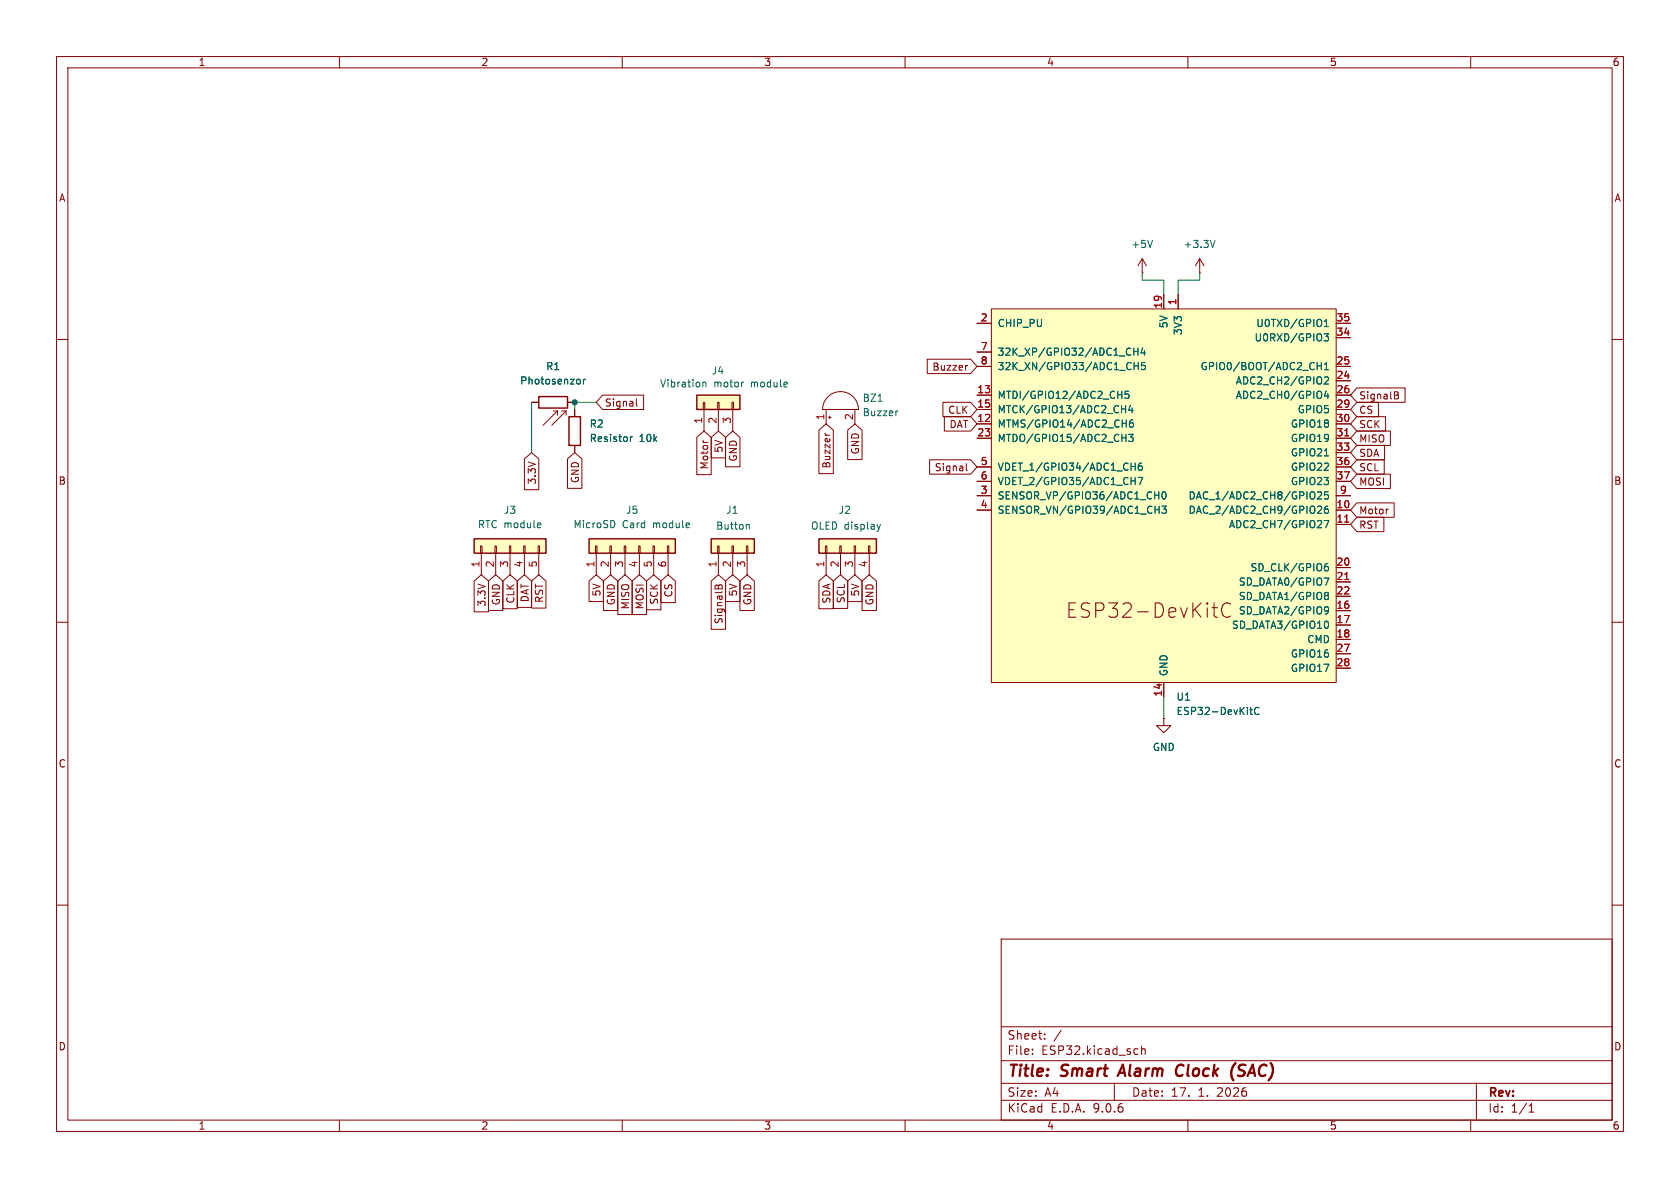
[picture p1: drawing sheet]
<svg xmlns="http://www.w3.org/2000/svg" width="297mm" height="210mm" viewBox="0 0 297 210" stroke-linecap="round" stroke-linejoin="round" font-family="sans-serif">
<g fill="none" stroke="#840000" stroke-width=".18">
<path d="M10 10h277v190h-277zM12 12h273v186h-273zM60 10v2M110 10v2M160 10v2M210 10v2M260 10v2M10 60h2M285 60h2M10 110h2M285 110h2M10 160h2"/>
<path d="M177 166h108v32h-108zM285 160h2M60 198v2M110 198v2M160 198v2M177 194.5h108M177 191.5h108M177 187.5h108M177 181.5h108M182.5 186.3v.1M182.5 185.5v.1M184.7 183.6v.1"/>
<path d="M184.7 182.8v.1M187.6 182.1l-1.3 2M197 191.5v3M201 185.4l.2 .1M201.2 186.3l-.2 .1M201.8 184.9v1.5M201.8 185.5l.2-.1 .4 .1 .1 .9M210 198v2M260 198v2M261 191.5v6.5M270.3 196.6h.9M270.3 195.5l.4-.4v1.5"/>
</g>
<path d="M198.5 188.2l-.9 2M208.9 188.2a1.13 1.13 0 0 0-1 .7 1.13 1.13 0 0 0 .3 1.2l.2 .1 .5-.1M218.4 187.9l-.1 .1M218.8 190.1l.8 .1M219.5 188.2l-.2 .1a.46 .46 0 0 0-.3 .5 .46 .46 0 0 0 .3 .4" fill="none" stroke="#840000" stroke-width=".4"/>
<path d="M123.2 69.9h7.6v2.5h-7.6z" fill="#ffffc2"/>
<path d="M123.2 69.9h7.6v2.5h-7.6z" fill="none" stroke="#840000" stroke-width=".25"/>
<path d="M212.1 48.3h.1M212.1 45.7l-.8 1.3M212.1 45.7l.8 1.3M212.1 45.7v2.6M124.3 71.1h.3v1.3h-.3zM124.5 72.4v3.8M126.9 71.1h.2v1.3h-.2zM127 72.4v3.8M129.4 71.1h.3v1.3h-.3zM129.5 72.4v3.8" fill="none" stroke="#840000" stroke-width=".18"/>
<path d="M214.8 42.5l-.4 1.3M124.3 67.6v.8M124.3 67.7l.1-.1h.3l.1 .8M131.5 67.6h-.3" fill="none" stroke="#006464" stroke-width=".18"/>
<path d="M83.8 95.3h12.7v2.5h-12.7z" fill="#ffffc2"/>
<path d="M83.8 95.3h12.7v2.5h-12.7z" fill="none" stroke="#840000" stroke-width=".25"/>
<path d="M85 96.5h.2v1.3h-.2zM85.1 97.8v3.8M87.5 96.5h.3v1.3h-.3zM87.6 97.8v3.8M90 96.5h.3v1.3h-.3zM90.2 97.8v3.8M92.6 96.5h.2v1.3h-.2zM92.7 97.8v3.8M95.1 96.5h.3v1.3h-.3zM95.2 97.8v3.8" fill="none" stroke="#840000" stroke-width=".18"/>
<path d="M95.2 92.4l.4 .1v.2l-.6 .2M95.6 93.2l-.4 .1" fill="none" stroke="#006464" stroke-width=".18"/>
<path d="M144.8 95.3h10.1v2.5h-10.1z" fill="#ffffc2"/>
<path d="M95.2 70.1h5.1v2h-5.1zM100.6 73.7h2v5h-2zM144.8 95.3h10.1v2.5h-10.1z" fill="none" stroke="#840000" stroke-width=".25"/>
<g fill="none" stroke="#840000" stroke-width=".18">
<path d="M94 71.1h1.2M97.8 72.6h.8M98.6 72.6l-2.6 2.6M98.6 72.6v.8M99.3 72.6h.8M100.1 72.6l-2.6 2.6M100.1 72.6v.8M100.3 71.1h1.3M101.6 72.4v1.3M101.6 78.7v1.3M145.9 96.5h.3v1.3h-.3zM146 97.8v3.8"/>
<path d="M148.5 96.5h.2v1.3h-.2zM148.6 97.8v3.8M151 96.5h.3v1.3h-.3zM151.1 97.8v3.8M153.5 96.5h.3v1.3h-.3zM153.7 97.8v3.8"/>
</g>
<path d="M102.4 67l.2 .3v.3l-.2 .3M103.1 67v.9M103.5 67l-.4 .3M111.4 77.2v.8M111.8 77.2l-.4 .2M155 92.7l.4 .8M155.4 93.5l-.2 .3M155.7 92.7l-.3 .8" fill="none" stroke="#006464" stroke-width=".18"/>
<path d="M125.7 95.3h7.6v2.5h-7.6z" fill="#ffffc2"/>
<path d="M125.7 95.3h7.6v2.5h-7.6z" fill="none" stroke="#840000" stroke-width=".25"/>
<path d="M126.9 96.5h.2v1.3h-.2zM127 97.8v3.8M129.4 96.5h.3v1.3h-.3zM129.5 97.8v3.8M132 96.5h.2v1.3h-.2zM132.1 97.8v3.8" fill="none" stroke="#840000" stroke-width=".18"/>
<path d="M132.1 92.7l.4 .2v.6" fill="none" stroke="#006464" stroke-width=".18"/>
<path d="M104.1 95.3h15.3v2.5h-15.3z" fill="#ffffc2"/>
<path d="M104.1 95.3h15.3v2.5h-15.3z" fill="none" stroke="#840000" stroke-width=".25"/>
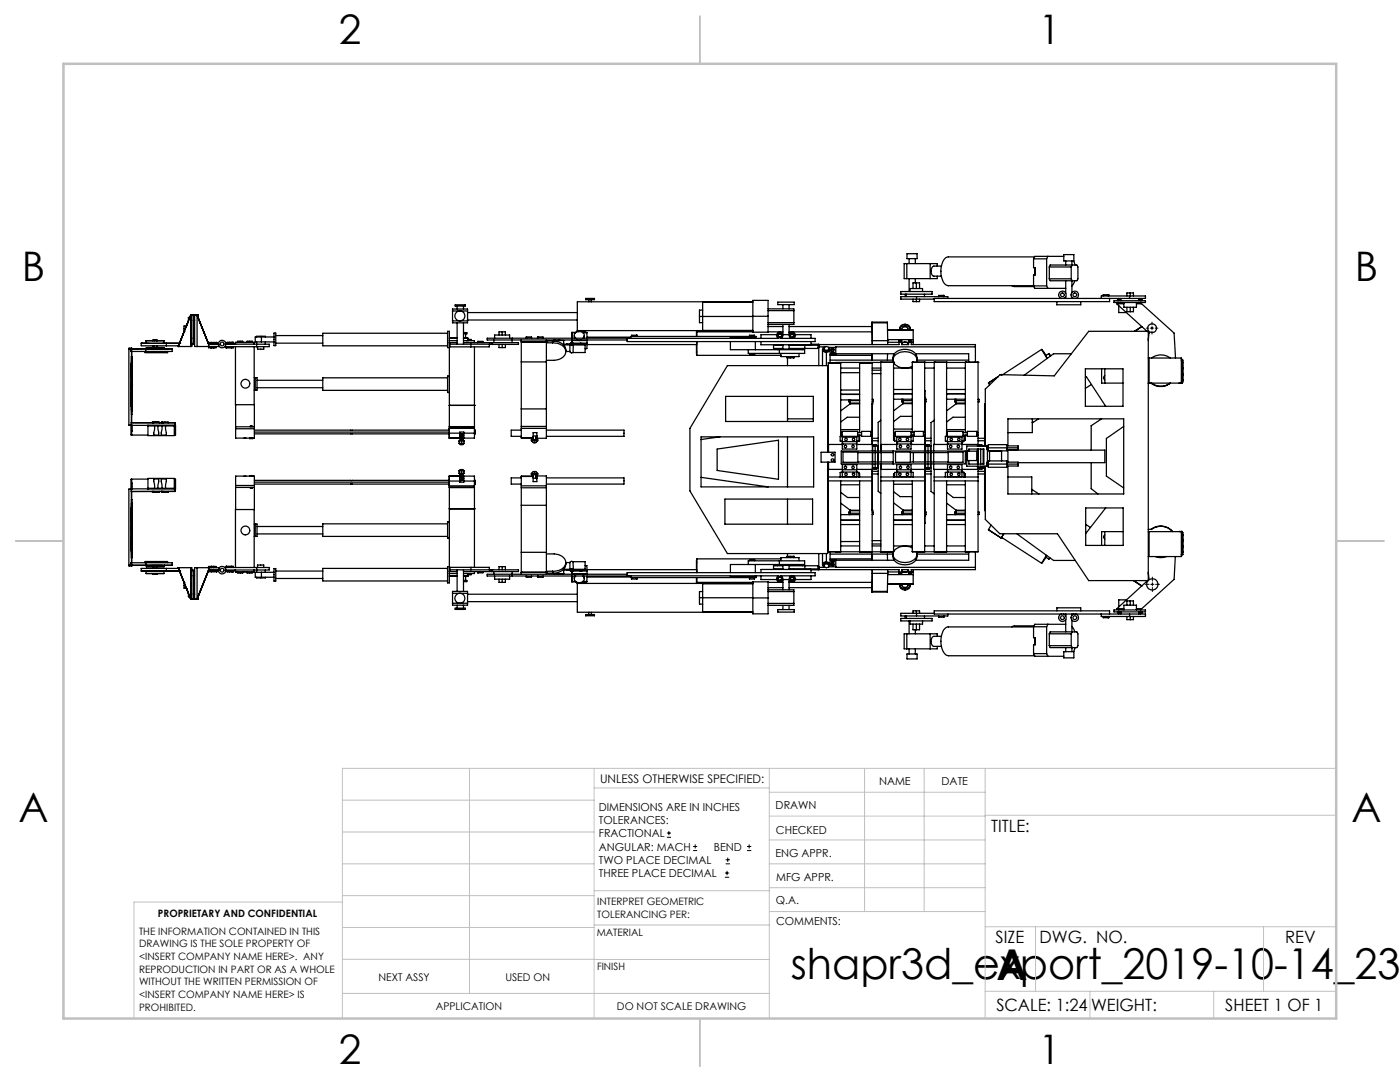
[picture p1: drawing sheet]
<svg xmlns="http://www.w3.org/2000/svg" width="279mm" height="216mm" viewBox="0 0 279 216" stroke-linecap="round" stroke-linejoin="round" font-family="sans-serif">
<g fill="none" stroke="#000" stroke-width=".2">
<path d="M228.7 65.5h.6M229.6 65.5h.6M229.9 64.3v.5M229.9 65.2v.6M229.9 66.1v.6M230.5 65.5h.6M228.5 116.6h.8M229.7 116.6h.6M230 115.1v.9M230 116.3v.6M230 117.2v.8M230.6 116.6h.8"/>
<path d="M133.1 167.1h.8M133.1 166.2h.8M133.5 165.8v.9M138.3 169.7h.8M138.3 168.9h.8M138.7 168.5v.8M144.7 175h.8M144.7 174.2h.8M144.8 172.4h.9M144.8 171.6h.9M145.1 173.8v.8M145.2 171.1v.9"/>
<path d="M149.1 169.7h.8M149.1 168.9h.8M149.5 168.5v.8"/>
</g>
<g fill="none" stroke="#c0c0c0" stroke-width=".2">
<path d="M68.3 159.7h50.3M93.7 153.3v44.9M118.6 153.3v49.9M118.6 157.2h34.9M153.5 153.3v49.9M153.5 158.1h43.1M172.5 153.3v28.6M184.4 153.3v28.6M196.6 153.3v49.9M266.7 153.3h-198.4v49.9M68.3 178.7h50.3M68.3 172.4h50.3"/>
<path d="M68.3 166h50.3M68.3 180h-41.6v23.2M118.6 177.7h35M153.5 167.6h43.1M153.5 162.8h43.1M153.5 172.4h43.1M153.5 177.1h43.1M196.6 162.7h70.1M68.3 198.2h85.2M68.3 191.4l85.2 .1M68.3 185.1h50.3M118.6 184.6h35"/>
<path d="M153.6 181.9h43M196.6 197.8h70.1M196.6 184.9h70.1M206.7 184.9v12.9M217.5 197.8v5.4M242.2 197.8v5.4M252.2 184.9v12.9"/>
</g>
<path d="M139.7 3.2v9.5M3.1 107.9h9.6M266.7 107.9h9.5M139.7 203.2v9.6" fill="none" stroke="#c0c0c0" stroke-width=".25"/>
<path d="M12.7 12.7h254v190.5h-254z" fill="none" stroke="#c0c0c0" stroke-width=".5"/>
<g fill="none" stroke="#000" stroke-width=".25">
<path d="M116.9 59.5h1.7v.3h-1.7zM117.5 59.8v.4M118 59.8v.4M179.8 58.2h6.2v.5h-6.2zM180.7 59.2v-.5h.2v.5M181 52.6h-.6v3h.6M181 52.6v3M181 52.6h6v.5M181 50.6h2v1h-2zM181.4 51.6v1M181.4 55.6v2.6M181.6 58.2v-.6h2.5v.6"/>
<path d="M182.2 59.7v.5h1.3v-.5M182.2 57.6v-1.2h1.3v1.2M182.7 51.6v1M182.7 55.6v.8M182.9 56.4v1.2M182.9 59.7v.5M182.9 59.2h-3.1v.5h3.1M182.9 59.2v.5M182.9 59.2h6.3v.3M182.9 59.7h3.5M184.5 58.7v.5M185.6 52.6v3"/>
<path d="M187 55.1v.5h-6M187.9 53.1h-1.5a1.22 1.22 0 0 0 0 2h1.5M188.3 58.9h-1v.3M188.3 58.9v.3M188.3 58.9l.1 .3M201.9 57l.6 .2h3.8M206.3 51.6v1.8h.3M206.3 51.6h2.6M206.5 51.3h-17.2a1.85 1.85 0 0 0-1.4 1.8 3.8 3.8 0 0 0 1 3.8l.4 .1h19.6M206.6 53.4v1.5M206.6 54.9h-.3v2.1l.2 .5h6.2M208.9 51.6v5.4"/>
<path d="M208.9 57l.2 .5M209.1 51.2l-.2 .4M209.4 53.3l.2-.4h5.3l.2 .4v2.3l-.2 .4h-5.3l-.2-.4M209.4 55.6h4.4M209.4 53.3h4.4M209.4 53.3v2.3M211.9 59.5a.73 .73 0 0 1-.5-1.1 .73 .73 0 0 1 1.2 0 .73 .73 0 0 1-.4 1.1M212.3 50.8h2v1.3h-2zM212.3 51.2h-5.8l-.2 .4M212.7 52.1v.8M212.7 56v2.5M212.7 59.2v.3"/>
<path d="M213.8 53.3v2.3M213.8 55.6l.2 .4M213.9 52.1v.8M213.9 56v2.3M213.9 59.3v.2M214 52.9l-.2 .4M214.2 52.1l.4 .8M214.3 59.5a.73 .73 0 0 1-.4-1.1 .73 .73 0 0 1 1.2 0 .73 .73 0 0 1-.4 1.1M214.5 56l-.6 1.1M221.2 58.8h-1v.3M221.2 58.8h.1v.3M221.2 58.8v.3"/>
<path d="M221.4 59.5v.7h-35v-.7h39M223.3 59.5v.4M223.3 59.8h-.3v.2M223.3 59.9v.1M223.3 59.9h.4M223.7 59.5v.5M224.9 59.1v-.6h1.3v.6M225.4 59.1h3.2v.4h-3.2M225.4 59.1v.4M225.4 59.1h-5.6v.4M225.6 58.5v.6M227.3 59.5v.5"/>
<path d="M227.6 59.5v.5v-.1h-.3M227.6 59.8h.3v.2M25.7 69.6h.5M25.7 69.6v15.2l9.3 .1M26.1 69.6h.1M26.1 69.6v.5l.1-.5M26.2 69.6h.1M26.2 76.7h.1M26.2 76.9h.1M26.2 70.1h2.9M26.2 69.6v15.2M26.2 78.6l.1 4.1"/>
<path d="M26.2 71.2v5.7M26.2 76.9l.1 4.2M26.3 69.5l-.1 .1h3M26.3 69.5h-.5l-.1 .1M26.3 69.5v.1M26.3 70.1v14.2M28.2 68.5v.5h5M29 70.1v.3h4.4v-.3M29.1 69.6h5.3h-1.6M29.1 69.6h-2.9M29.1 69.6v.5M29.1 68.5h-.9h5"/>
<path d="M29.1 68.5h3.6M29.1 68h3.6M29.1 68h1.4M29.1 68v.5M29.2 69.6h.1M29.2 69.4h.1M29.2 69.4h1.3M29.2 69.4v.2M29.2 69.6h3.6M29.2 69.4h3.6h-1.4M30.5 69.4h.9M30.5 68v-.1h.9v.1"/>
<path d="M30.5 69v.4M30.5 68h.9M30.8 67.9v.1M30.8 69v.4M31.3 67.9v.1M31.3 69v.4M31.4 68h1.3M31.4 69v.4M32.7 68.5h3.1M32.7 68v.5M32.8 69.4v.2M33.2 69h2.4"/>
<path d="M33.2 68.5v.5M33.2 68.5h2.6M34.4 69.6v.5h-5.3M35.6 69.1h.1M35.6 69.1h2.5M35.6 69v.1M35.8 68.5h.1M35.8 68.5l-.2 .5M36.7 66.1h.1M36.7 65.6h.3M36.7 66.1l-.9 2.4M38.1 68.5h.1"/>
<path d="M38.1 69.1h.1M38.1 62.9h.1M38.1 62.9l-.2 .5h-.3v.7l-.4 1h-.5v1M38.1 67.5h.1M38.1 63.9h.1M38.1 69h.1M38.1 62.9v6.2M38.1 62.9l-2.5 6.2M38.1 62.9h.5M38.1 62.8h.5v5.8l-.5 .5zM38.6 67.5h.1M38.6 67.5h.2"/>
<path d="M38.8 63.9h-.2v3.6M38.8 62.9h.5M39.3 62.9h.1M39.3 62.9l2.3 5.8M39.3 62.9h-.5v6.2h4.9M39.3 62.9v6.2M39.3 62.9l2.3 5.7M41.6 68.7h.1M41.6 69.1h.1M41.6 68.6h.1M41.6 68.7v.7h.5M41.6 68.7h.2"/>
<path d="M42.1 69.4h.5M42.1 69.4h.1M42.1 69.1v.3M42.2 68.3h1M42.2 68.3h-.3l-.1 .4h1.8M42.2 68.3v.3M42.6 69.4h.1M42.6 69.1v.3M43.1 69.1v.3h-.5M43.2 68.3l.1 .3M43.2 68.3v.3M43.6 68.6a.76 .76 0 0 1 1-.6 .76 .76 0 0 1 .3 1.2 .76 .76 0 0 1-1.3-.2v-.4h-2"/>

Exercise brief: Wherever a line holds the word "linejoin", copy that line out of the entries above.

Completed task:
<svg xmlns="http://www.w3.org/2000/svg" width="297mm" height="210mm" viewBox="0 0 297 210" stroke-linecap="round" stroke-linejoin="round" font-family="sans-serif">
<svg xmlns="http://www.w3.org/2000/svg" width="279mm" height="216mm" viewBox="0 0 279 216" stroke-linecap="round" stroke-linejoin="round" font-family="sans-serif">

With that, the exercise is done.